Up to speed on dirt bike troubles?

From: Gregory P. Kane, Disgruntled Citizen Menaced by Dirt Bike-Riding Scofflaws

Re: Dirt bike-riding scofflaws


Dear Mayor Sheila Dixon and Gov. Martin O'Malley:

It happened soon after I made the turn on to Oakley Avenue from Park Heights Avenue. My first sign that there might be trouble was when I saw the two dimwits standing in the middle of the street at the corner of Oakley and Palmer avenues.


"Ah!" I said to myself. "And here we have two more geniuses who have no idea why the word sideWALK has 'walk' in it."

That's when I saw the dirt bike boys, two them, headed in my direction - the wrong way on a one-way street, I might add - as I drove east on Oakley. I had just passed them when they wheeled the dirt bikes around and headed back up Oakley, tailgating my beat-up 1991 Honda Accord, tilting the dirt bikes back on the rear wheel so that the front wheel was raised in the air as they jetted menacingly up the street.

I sized up both guys immediately. That bad part of Greg Kane - the one you know all too well, Ms. Mayor and Gov. O'Malley - immediately pegged them. But I was determined I wasn't going to let these miscreants rattle me. I didn't speed up, but I didn't slow down, either. I maintained my speed until I stopped at a red light at the corner of Oakley and Pimlico Road.

I suspect either speeding up or slowing down was exactly what these characters wanted me to do. If I had sped up, they'd have known they had rattled me and they would have sped up. If I had slowed down, they may have crashed into the bumper of my car, accused me of causing an accident and then done God only knows what.

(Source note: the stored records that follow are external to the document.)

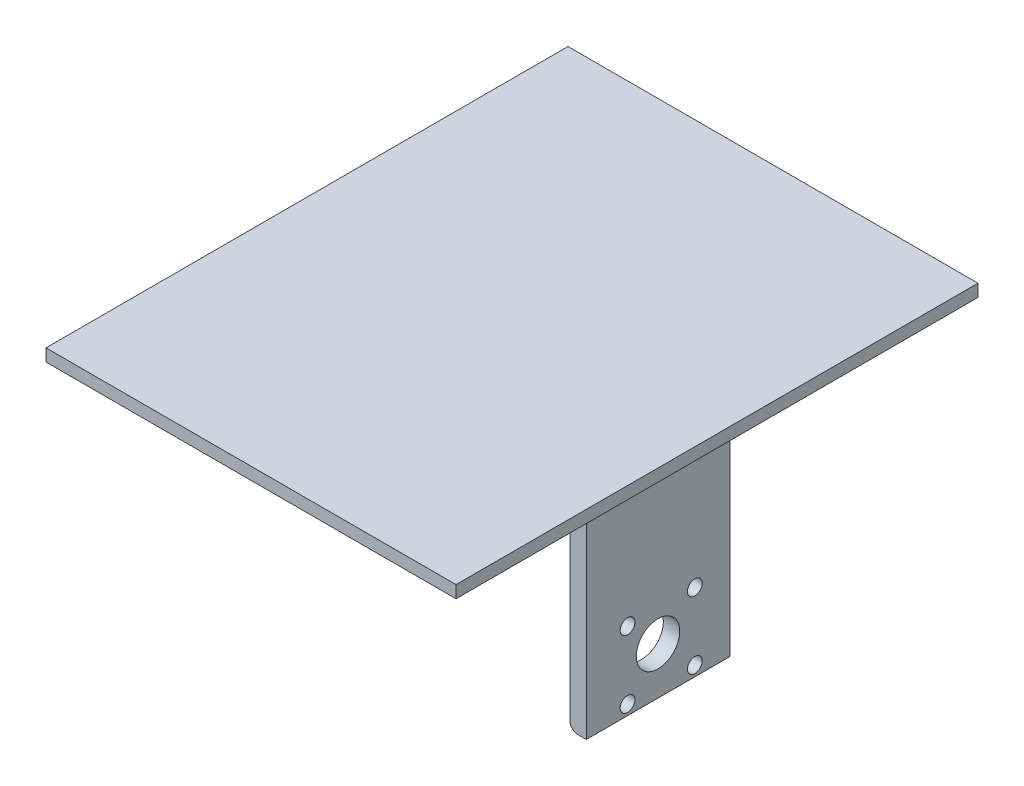
SolidWorks part; units mm, degrees
ref_plane "Alzado" through (0, 0, 0) normal (0, 0, 1) x (1, 0, 0)
ref_plane "Planta" through (0, 0, 0) normal (0, 1, 0) x (1, 0, 0)
ref_plane "Vista lateral" through (0, 0, 0) normal (1, 0, 0) x (0, 0, -1)
sketch "Croquis1" plane through (0, 0, 0) normal (0, 1, 0) x (1, 0, 0)
  line L1 (-50, 63.6524) -> (50, 63.6524)
  line L2 (-50, 63.6524) -> (-50, -63.6524)
  line L3 (-50, -63.6524) -> (50, -63.6524)
  line L4 (50, 63.6524) -> (50, -63.6524)
  line L5 (-50, 63.6524) -> (50, -63.6524) construction
  line L6 (-50, -63.6524) -> (50, 63.6524) construction
  point P0 (0, 0)
  dimension "D1" = 100
extrude "Saliente-Extruir1" add sketch "Croquis1" along normal blind 3
sketch "Croquis2" plane through (0, 0, 0) normal (0, -1, 0) x (1, 0, 0)
  line L0 (50, 0) -> (-50, 0) construction
  line L1 (35.6108, 17.4962) -> (31.6108, 17.4962)
  line L2 (35.6108, 17.4962) -> (35.6108, -17.4962)
  line L3 (35.6108, -17.4962) -> (31.6108, -17.4962)
  line L4 (31.6108, 17.4962) -> (31.6108, -17.4962)
  line L5 (50, 63.6524) -> (50, -63.6524) construction
  line L6 (-50, -63.6524) -> (-50, 63.6524) construction
  point P10 (35.6108, 0)
  dimension "D1" = 4
extrude "Saliente-Extruir2" add sketch "Croquis2" along normal blind 60
sketch "Croquis3" plane through (35.6108, 0, 0) normal (1, 0, 0) x (0, 0, -1)
  line L0 (0, -38.0249) -> (0, -48.5249) construction
  line L1 (0, -48.5249) -> (-7.4246, -41.1002) construction
  line L2 (0, 0) -> (0, -60) construction
  line L3 (17.4962, -60) -> (-17.4962, -60) construction
  circle A0 centre (0, -48.5249) radius 5.3
  circle A1 centre (0, -48.5249) radius 10.5 construction
  circle A2 centre (-7.4246, -41.1002) radius 1.8
  circle A3 centre (8.981, -41.1002) radius 1.8
  circle A4 centre (8.981, -57.5059) radius 1.8
  circle A5 centre (-7.4246, -57.5059) radius 1.8
  point P20 (0.7782, -49.3031)
  dimension "D2" = 21
  dimension "D3" = 10.6
  dimension "D4" = 3.6
  dimension "D1" = 45
  dimension "D5" = 4
extrude "Cortar-Extruir1" cut sketch "Croquis3" against normal blind 10
chamfer "Chaflán1" distance 10 angle 45 1 edges at (31.6108, 0, 0)
fillet "Redondeo1" radius 2 1 edges at (31.6108, -60, 0)

That "God only knows what" is the reason this letter is addressed to you, Governor. Since I see the day soon coming that I'll need to defend myself against youthful lawbreakers out to provoke a confrontation, I appeal to you to encourage the legislature to pass an effective right-to-carry law here in Maryland. And I would urge you to sign it.

And no, I don't mean that pathetic, far-too-restrictive statute currently on the books that you think is a right-to-carry law. I mean one where I can walk into a gun store, have the owners do the necessary background check, wait the specified time period and then get my weapon once it's been determined I'm a law-abiding citizen.

You don't want to support that kind of law, Governor? Fine. Then you've just tossed the ball into Mayor Dixon's court.

Ms. Mayor: Since the governments of the state and city have made it virtually illegal for me to protect myself, then the city has implicitly promised me protection 24 hours a day, seven days a week, 365 days a year. I can't carry a gun that shoots bullets to protect myself. I think I'd be on shaky legal ground if I even toted a water gun or a peashooter.


Knives are out. So are pepper spray and stun guns. With all these restrictions, the only option I have against budding criminals like the ones I've described is to go up against them - and whatever weapons they choose to wield illegally - with my bare hands. Ms. Mayor, I urge you to look carefully at the photo that accompanies this column.

Does it bear any resemblance to Muhammad Ali? Joe Frazier? George Foreman? I thought not.

That photo is indeed of one Greg Kane, who's been renowned for being pugilistically challenged since he popped out of the womb. I need a leg up when defending myself; city law won't allow me one. So, Ms. Mayor, you give me one. You have a moral obligation to assign a police officer to guard me 24 hours a day, seven days a week, 365 days a year.

You say you can't to that, Ms. Mayor?

Then Governor, the ball's back in your court. You're going to have to persuade the legislature to give me that right to carry. You can pull this off. You seem to have that Dr. Mabuse-like effect on Democrats in the state legislature, much like the one you have on the minds of Baltimore's citizens.

Come on, Governor. Work that magic. Go do that voodoo that you do so well.


Does this ball go back in Ms. Mayor's court? Ms. Mayor, if you can't protect me, then at the very least you have to order police Commissioner Fred Bealefeld to do something to put the kibosh on these dirt bike-riding scofflaws. Because I guarantee you: I'm not armed, but somebody these idiots roll up on will be.

And they might not be the kindhearted, caring, lovable soul that I am.